In the records below, find the line with "undefined symbols (not" and the line with "Integrator/1 -> Gain1/1, Gain5/1, Integrator1/1"; return exactly those lines and every line between them.

• [DATA TO USE]:
'''

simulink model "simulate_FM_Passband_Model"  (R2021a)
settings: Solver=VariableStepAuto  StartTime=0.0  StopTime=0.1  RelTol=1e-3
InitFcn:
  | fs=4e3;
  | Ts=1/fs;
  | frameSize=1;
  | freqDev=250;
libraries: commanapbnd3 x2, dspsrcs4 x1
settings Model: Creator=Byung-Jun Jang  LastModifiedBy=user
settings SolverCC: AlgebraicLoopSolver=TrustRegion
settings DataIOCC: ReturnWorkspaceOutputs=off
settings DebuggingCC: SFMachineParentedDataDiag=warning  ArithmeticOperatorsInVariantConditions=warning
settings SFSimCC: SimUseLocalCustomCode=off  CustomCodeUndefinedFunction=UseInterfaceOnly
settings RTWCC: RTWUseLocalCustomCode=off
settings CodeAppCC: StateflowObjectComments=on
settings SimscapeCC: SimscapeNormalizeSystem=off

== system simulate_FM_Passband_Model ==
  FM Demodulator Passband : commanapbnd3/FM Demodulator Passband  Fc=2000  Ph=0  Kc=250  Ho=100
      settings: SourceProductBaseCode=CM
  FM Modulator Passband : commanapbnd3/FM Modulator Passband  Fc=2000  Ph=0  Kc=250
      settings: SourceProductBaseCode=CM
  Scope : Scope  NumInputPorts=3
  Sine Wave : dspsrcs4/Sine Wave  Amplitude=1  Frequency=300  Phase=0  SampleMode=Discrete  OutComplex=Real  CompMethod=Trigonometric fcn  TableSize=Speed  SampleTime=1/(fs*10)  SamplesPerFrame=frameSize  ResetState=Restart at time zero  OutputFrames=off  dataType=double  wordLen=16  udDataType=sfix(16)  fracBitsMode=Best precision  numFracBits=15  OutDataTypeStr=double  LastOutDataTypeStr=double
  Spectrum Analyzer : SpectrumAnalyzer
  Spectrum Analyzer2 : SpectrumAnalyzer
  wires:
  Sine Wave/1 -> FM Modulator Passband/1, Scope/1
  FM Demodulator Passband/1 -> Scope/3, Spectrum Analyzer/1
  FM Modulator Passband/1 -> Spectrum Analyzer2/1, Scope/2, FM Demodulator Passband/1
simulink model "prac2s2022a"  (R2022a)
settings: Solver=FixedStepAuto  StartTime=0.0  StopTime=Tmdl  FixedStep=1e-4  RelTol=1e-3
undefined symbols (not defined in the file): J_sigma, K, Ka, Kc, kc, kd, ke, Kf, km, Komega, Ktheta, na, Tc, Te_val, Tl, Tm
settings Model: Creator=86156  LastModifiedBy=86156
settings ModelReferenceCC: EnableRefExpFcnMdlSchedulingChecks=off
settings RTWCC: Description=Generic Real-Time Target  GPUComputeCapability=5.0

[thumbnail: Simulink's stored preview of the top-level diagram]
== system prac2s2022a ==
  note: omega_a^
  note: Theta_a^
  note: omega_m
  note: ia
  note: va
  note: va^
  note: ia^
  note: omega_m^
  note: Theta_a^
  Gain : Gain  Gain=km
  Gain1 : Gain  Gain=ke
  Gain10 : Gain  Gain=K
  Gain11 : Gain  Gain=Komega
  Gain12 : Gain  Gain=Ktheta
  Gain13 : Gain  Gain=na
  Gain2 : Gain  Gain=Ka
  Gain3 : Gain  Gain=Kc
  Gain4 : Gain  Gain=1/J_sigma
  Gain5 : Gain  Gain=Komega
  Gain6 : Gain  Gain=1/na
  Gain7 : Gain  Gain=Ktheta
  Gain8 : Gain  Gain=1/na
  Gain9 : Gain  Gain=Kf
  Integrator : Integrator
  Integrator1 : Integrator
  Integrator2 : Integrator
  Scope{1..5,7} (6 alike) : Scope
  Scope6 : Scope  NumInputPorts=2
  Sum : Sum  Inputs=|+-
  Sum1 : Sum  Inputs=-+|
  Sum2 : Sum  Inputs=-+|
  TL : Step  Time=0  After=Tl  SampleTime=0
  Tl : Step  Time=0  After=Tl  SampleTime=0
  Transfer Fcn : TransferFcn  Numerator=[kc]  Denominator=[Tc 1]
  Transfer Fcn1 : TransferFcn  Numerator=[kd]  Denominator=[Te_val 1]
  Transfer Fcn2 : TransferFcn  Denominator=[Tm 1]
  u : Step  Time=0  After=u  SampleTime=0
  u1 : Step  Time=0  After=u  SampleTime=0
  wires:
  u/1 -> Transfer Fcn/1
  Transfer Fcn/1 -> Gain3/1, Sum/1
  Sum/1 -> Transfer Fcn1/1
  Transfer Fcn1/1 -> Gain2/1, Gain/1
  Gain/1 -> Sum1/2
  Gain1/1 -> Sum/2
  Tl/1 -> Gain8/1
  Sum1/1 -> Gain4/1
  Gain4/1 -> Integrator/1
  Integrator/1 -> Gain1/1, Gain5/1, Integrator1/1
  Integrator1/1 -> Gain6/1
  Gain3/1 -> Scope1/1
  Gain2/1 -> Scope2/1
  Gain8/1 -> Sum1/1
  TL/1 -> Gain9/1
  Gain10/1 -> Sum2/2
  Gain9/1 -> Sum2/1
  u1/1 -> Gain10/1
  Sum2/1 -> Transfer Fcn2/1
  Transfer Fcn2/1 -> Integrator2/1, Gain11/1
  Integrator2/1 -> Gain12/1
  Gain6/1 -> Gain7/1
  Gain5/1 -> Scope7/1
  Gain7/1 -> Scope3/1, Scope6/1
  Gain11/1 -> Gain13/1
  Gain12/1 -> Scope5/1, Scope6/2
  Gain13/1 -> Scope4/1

'''

• [TASK RESULT]:
undefined symbols (not defined in the file): J_sigma, K, Ka, Kc, kc, kd, ke, Kf, km, Komega, Ktheta, na, Tc, Te_val, Tl, Tm
settings Model: Creator=86156  LastModifiedBy=86156
settings ModelReferenceCC: EnableRefExpFcnMdlSchedulingChecks=off
settings RTWCC: Description=Generic Real-Time Target  GPUComputeCapability=5.0

[thumbnail: Simulink's stored preview of the top-level diagram]
== system prac2s2022a ==
  note: omega_a^
  note: Theta_a^
  note: omega_m
  note: ia
  note: va
  note: va^
  note: ia^
  note: omega_m^
  note: Theta_a^
  Gain : Gain  Gain=km
  Gain1 : Gain  Gain=ke
  Gain10 : Gain  Gain=K
  Gain11 : Gain  Gain=Komega
  Gain12 : Gain  Gain=Ktheta
  Gain13 : Gain  Gain=na
  Gain2 : Gain  Gain=Ka
  Gain3 : Gain  Gain=Kc
  Gain4 : Gain  Gain=1/J_sigma
  Gain5 : Gain  Gain=Komega
  Gain6 : Gain  Gain=1/na
  Gain7 : Gain  Gain=Ktheta
  Gain8 : Gain  Gain=1/na
  Gain9 : Gain  Gain=Kf
  Integrator : Integrator
  Integrator1 : Integrator
  Integrator2 : Integrator
  Scope{1..5,7} (6 alike) : Scope
  Scope6 : Scope  NumInputPorts=2
  Sum : Sum  Inputs=|+-
  Sum1 : Sum  Inputs=-+|
  Sum2 : Sum  Inputs=-+|
  TL : Step  Time=0  After=Tl  SampleTime=0
  Tl : Step  Time=0  After=Tl  SampleTime=0
  Transfer Fcn : TransferFcn  Numerator=[kc]  Denominator=[Tc 1]
  Transfer Fcn1 : TransferFcn  Numerator=[kd]  Denominator=[Te_val 1]
  Transfer Fcn2 : TransferFcn  Denominator=[Tm 1]
  u : Step  Time=0  After=u  SampleTime=0
  u1 : Step  Time=0  After=u  SampleTime=0
  wires:
  u/1 -> Transfer Fcn/1
  Transfer Fcn/1 -> Gain3/1, Sum/1
  Sum/1 -> Transfer Fcn1/1
  Transfer Fcn1/1 -> Gain2/1, Gain/1
  Gain/1 -> Sum1/2
  Gain1/1 -> Sum/2
  Tl/1 -> Gain8/1
  Sum1/1 -> Gain4/1
  Gain4/1 -> Integrator/1
  Integrator/1 -> Gain1/1, Gain5/1, Integrator1/1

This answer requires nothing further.